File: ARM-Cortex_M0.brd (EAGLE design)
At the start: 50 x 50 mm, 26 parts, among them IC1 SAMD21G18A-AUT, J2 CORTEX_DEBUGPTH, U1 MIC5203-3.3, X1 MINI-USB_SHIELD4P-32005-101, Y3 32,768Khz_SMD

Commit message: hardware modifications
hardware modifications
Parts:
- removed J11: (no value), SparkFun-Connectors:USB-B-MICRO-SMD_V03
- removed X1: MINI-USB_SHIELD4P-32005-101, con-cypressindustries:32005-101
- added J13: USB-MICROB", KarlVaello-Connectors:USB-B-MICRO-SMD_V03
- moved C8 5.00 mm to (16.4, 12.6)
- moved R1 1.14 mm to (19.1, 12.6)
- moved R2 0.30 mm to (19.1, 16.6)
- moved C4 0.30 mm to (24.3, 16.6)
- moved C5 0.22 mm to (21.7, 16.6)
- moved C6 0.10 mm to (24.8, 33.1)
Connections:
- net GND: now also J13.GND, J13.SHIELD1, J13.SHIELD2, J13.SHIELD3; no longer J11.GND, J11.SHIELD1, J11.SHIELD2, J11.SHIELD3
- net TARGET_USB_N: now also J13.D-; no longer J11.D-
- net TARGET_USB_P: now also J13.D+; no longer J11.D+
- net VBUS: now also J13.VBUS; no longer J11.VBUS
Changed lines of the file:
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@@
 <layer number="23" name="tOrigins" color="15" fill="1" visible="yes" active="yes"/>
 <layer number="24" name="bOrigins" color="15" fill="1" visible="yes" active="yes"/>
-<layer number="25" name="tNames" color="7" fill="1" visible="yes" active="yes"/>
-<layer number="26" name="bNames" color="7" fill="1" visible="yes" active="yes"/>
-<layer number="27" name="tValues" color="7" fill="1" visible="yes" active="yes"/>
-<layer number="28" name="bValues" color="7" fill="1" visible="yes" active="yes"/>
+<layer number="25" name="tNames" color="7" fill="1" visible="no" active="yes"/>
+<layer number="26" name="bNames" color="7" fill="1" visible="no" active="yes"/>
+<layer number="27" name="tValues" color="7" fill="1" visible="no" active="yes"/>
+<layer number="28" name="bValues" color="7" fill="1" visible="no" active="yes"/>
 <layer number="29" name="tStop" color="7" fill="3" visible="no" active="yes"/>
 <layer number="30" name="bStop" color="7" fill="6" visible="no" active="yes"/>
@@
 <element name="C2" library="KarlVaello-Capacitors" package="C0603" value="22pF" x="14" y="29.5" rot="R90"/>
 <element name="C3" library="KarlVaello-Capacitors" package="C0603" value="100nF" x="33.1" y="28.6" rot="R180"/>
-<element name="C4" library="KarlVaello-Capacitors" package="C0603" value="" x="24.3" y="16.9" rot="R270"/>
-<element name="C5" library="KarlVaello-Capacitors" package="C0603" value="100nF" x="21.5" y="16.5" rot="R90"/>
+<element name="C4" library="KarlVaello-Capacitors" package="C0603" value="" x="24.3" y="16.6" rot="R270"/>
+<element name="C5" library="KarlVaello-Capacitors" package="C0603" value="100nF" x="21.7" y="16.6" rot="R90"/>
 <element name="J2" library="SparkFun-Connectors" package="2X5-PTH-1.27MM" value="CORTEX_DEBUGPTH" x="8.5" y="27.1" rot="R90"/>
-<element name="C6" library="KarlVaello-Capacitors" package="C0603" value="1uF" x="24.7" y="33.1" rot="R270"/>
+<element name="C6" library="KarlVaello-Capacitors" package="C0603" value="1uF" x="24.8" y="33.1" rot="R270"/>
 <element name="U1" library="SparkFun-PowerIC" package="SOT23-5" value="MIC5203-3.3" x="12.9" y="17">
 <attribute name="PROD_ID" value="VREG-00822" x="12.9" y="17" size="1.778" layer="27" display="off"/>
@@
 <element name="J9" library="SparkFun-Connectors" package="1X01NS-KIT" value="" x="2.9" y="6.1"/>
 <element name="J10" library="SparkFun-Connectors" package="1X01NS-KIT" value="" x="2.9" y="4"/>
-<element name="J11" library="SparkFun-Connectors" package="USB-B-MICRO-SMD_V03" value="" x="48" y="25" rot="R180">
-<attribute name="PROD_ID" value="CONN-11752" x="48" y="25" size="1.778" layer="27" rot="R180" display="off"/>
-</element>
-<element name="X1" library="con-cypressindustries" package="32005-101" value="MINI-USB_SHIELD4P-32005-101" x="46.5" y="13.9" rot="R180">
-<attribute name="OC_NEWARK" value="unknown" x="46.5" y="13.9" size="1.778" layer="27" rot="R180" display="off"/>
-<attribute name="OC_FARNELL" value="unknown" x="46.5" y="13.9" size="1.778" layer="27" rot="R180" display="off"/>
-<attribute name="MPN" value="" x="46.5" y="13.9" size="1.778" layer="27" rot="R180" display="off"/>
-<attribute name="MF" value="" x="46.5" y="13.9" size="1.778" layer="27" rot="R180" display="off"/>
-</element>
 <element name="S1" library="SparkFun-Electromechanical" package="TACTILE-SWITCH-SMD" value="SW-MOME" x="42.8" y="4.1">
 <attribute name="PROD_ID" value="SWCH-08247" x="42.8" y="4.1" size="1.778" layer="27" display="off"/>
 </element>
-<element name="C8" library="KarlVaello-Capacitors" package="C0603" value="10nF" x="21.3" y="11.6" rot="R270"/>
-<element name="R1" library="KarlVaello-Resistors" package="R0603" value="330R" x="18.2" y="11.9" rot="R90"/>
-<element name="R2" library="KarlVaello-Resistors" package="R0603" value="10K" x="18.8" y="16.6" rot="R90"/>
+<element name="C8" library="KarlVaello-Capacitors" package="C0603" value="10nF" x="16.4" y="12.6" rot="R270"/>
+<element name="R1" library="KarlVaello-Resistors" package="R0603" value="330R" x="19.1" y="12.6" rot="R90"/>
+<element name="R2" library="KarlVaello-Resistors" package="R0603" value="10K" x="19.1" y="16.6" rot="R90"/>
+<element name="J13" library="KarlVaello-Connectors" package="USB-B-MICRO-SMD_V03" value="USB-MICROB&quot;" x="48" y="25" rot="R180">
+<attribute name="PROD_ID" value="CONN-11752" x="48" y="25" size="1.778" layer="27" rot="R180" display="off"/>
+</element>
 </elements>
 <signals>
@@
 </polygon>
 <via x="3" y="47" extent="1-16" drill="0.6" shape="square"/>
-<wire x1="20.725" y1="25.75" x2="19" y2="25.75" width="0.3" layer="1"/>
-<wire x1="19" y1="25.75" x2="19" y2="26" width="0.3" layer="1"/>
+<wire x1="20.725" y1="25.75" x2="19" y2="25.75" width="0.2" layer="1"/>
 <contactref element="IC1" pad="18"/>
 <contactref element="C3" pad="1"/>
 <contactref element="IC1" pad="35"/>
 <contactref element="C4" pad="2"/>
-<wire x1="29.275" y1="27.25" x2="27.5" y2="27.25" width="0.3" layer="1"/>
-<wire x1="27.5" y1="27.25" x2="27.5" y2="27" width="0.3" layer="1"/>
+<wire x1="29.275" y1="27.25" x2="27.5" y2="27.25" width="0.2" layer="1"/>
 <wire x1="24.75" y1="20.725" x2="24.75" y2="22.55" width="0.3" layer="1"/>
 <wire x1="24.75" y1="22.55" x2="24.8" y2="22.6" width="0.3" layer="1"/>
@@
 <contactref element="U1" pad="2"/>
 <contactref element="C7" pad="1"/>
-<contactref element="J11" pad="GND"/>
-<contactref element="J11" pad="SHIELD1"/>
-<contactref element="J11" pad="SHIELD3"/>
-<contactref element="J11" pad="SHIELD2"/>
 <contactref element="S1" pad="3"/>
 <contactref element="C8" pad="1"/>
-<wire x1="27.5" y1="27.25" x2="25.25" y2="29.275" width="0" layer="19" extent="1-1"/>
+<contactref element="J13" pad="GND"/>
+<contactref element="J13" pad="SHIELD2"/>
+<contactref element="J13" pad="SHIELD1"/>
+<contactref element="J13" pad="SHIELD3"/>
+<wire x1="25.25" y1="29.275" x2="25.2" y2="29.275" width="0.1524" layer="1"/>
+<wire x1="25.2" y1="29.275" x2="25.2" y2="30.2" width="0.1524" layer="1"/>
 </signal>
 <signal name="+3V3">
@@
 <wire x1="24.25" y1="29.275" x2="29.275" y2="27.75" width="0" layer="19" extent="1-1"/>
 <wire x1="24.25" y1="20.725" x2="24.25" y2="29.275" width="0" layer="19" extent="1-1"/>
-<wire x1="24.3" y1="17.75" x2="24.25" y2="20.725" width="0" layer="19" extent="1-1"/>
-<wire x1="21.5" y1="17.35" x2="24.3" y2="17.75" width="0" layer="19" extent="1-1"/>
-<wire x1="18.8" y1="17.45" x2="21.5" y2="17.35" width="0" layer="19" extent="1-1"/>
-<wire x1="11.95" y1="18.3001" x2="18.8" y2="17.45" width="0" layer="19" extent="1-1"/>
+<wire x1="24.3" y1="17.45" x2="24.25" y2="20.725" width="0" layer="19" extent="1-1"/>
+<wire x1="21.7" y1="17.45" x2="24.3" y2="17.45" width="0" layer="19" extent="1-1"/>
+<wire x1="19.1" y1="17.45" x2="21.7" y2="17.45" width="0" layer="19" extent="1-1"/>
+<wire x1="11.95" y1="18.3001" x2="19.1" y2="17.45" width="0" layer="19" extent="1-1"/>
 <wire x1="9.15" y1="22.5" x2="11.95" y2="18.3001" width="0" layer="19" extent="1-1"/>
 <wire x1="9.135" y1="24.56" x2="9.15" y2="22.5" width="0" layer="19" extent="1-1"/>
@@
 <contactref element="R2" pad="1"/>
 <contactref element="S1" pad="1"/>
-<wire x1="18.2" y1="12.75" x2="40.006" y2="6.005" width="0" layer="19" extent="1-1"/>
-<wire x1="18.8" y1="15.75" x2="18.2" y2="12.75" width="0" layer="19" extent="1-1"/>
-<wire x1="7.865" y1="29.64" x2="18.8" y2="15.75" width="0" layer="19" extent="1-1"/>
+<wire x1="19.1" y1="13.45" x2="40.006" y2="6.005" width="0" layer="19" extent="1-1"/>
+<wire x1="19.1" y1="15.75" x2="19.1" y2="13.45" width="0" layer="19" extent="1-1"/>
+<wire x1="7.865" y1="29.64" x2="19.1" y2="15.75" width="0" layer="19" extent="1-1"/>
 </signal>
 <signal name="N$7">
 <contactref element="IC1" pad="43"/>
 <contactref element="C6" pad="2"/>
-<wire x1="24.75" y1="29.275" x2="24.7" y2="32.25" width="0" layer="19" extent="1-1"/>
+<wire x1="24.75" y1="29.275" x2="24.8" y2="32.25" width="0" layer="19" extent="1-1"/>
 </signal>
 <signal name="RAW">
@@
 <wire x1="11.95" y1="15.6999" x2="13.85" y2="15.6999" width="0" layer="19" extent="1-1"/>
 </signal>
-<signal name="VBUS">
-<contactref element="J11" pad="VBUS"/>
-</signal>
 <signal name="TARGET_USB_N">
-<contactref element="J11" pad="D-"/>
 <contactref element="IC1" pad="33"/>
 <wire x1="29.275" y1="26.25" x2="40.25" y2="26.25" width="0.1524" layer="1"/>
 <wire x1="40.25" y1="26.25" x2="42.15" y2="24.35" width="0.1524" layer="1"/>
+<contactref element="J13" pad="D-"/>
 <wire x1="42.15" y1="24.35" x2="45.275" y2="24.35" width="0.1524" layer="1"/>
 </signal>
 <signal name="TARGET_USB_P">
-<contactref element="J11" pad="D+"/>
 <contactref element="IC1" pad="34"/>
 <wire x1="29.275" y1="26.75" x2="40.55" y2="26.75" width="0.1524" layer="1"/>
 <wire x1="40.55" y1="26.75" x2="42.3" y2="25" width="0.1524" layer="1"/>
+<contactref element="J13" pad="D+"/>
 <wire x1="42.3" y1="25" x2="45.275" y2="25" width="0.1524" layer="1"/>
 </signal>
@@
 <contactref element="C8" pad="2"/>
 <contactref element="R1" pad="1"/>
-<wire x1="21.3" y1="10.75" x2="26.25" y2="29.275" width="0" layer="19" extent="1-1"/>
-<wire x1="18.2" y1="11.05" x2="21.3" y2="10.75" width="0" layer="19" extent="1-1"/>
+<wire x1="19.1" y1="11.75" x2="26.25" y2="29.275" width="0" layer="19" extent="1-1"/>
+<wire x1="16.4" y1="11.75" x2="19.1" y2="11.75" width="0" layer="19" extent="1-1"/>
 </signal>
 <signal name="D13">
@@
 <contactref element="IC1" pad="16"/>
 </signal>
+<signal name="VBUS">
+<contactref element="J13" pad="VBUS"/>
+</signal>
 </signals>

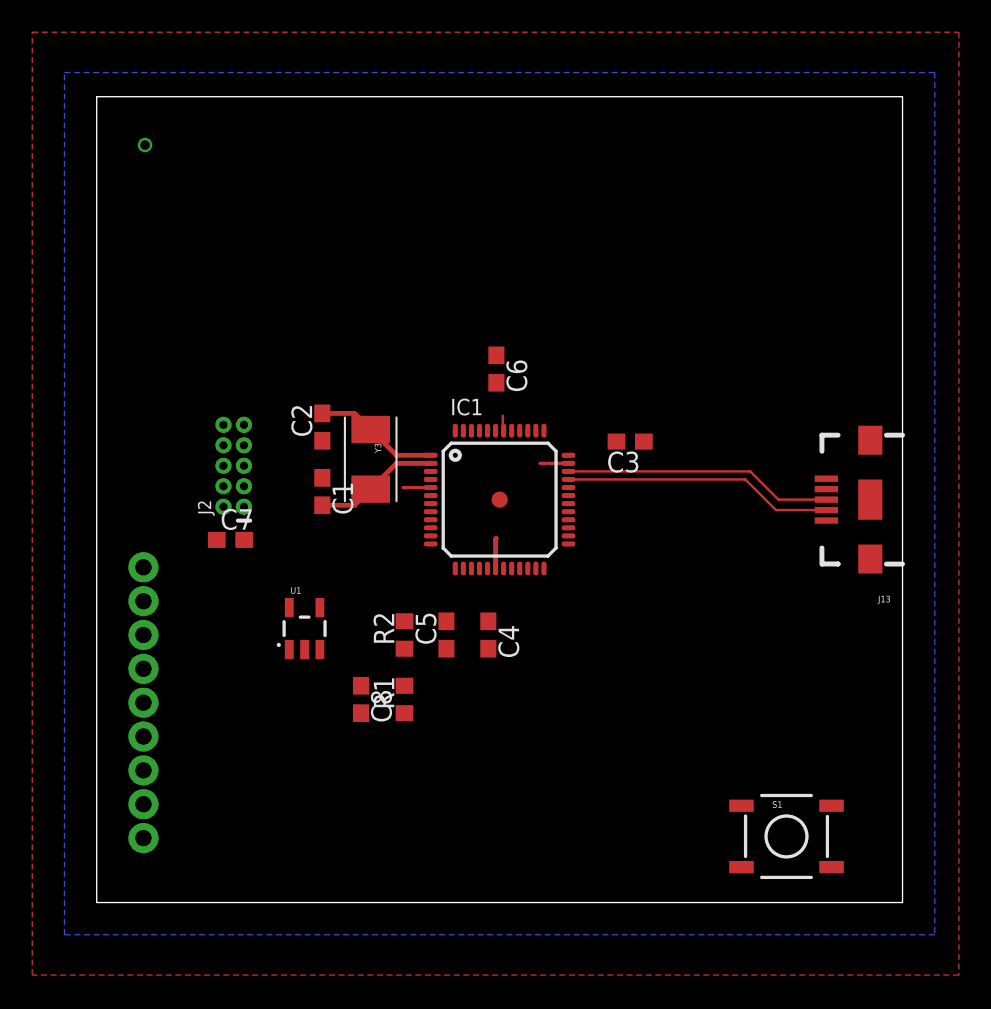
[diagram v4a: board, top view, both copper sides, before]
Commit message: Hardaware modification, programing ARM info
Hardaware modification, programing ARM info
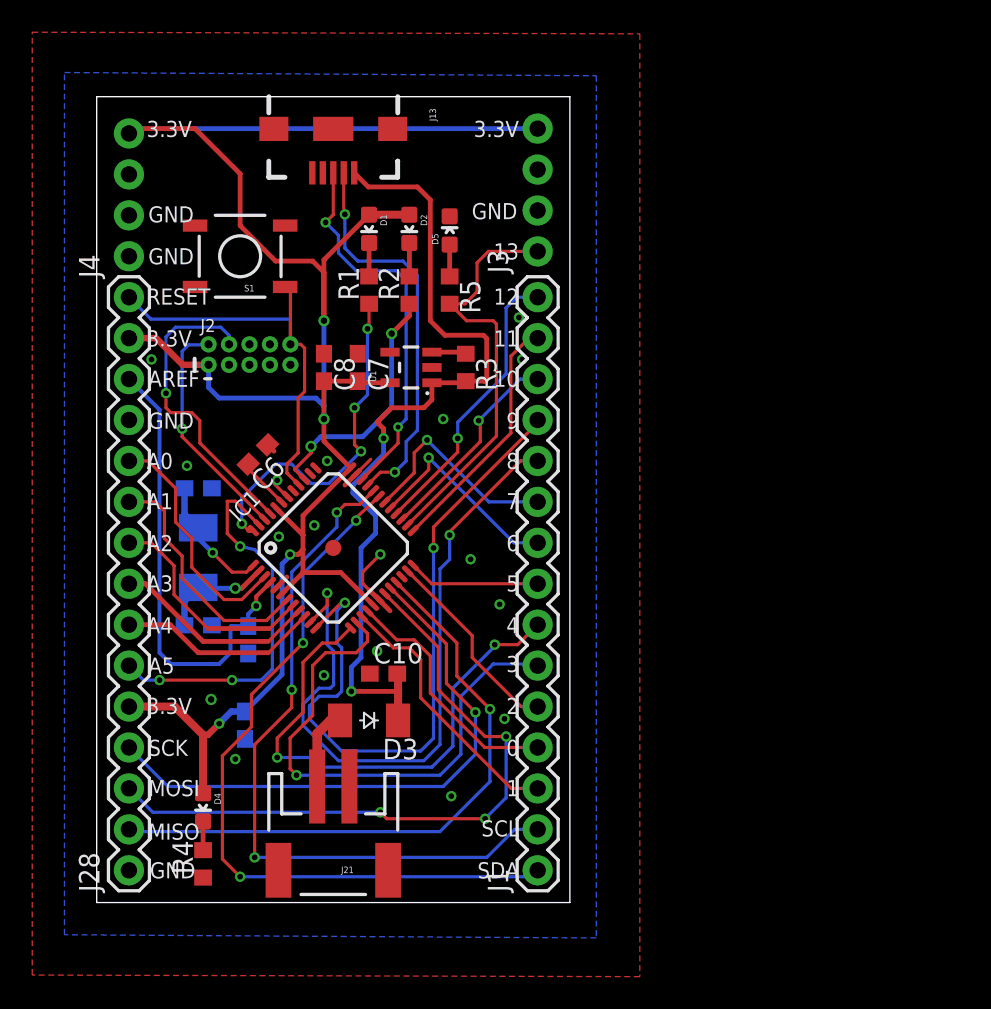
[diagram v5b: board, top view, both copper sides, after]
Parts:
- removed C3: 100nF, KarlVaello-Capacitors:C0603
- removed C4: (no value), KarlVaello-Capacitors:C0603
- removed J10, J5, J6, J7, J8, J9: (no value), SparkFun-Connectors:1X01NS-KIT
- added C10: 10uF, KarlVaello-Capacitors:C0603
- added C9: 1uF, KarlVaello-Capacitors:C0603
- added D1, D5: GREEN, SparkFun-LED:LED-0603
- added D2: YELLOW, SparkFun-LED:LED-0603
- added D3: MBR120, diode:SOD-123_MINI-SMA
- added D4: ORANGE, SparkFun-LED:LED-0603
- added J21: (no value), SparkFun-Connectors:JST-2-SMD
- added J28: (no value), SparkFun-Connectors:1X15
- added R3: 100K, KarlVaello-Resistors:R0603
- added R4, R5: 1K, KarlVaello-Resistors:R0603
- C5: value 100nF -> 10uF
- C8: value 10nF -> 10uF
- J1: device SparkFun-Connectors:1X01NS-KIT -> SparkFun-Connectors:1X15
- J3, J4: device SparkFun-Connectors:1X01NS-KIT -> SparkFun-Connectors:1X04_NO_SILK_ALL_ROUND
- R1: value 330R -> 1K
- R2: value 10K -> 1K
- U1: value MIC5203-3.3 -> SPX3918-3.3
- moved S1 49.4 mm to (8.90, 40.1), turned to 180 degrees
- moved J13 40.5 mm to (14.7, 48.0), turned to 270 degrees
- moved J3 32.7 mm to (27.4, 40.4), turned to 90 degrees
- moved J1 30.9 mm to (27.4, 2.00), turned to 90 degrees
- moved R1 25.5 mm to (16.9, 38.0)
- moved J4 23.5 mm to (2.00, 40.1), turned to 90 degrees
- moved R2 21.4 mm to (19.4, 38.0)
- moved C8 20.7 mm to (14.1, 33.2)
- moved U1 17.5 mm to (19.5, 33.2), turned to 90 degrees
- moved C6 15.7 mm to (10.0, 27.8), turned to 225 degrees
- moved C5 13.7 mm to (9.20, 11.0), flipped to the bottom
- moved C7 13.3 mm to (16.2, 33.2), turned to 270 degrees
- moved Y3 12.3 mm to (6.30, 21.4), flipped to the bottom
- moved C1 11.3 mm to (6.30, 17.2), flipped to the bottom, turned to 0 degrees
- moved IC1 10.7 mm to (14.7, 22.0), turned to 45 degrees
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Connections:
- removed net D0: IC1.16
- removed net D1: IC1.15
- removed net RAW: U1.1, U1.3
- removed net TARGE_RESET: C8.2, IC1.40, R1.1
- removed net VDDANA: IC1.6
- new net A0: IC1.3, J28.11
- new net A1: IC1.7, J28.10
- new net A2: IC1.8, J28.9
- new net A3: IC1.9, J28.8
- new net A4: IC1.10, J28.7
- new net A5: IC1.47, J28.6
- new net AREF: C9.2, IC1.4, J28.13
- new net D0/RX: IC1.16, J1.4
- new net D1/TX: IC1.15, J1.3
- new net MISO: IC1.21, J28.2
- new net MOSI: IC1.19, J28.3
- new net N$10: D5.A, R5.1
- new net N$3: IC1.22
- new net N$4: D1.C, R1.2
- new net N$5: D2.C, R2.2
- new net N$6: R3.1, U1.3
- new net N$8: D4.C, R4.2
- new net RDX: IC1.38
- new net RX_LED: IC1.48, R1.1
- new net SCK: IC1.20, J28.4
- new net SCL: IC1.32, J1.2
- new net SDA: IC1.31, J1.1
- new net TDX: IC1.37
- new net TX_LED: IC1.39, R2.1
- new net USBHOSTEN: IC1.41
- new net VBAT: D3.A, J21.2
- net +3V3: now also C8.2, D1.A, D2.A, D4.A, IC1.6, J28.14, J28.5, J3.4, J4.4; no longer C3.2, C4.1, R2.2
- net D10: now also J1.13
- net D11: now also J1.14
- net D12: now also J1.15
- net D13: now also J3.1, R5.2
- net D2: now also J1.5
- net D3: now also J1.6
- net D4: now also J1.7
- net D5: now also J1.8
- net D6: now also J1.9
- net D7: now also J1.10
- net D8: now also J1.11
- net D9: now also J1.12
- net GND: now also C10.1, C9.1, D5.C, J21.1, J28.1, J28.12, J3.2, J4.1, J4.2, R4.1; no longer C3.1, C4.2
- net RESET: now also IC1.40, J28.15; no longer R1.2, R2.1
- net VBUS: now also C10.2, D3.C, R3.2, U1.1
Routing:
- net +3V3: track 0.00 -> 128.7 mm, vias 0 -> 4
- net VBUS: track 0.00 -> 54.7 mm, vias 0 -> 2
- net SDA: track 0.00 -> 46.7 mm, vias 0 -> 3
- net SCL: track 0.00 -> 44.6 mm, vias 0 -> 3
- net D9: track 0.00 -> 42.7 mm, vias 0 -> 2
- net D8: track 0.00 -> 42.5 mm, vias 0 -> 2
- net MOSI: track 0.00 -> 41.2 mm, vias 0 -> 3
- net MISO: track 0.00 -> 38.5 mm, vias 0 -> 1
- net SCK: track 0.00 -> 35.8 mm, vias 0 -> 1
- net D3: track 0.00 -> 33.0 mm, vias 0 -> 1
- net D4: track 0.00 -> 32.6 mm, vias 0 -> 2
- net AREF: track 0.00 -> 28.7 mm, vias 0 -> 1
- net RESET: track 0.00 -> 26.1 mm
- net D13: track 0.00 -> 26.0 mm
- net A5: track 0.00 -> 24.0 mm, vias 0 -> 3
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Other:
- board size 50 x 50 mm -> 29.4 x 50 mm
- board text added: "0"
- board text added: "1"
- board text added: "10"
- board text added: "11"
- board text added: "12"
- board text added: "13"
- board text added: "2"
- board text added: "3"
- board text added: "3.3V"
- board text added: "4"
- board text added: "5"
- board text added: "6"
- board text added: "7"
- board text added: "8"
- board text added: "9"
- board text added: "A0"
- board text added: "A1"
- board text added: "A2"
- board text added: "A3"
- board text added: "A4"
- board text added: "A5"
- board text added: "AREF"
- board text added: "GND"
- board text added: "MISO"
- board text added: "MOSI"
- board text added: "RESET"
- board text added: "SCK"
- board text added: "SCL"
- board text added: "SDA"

→ Task to complete
Take the line that contains "- net D4: track 0.00 -> 32.6 mm, vias 0 -> 2" and every line after it in the material above. Set those lines down exactly and nothing more.

→ Output of the task
- net D4: track 0.00 -> 32.6 mm, vias 0 -> 2
- net AREF: track 0.00 -> 28.7 mm, vias 0 -> 1
- net RESET: track 0.00 -> 26.1 mm
- net D13: track 0.00 -> 26.0 mm
- net A5: track 0.00 -> 24.0 mm, vias 0 -> 3
Other:
- board size 50 x 50 mm -> 29.4 x 50 mm
- board text added: "0"
- board text added: "1"
- board text added: "10"
- board text added: "11"
- board text added: "12"
- board text added: "13"
- board text added: "2"
- board text added: "3"
- board text added: "3.3V"
- board text added: "4"
- board text added: "5"
- board text added: "6"
- board text added: "7"
- board text added: "8"
- board text added: "9"
- board text added: "A0"
- board text added: "A1"
- board text added: "A2"
- board text added: "A3"
- board text added: "A4"
- board text added: "A5"
- board text added: "AREF"
- board text added: "GND"
- board text added: "MISO"
- board text added: "MOSI"
- board text added: "RESET"
- board text added: "SCK"
- board text added: "SCL"
- board text added: "SDA"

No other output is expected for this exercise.